DIRECTIONS – In the entries that follow, find every line containing "dimension" and copy it.

PROVIDED INFORMATION –
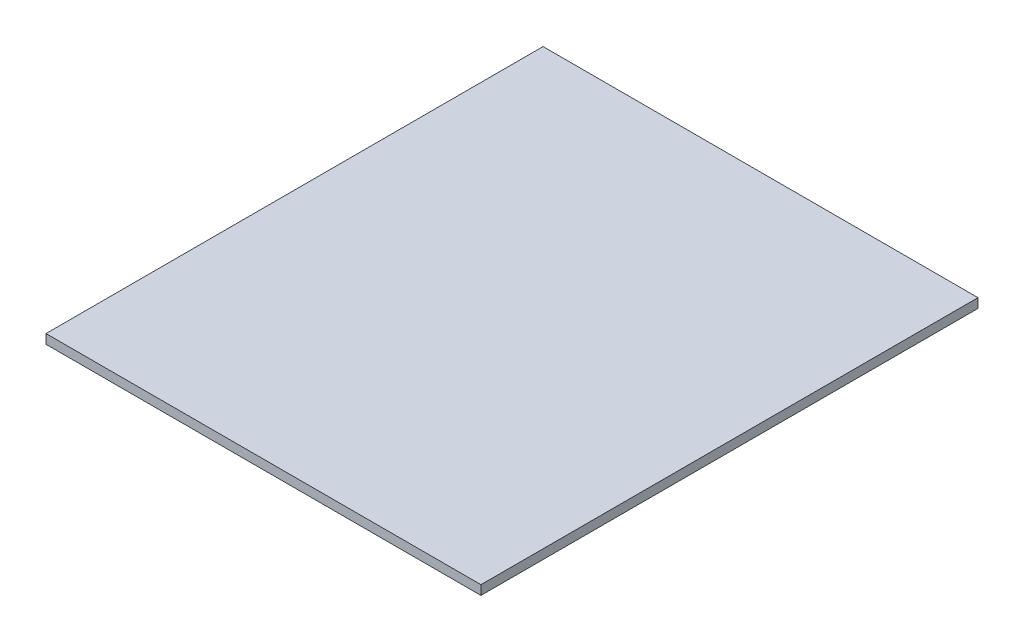
SolidWorks part; units mm, degrees
material "Cedar"
ref_plane "Front" through (0, 0, 0) normal (0, 0, 1) x (1, 0, 0)
ref_plane "Top" through (0, 0, 0) normal (0, 1, 0) x (1, 0, 0)
ref_plane "Right" through (0, 0, 0) normal (1, 0, 0) x (0, 0, -1)
sketch "Sketch1" plane through (0, 0, 0) normal (0, 1, 0) x (1, 0, 0)
  line L1 (-266.7, -304.8) -> (266.7, -304.8)
  line L2 (-266.7, -304.8) -> (-266.7, 304.8)
  line L3 (-266.7, 304.8) -> (266.7, 304.8)
  line L4 (266.7, -304.8) -> (266.7, 304.8)
  line L5 (-266.7, -304.8) -> (266.7, 304.8) construction
  line L6 (-266.7, 304.8) -> (266.7, -304.8) construction
  point P0 (0, 0)
  dimension "D1" = 609.6
  dimension "D2" = 533.4
extrude "Boss-Extrude1" add sketch "Sketch1" along normal blind 11.4554 contours L1 L4 L3 L2

OUTPUT FOR THIS TASK –
  dimension "D1" = 609.6
  dimension "D2" = 533.4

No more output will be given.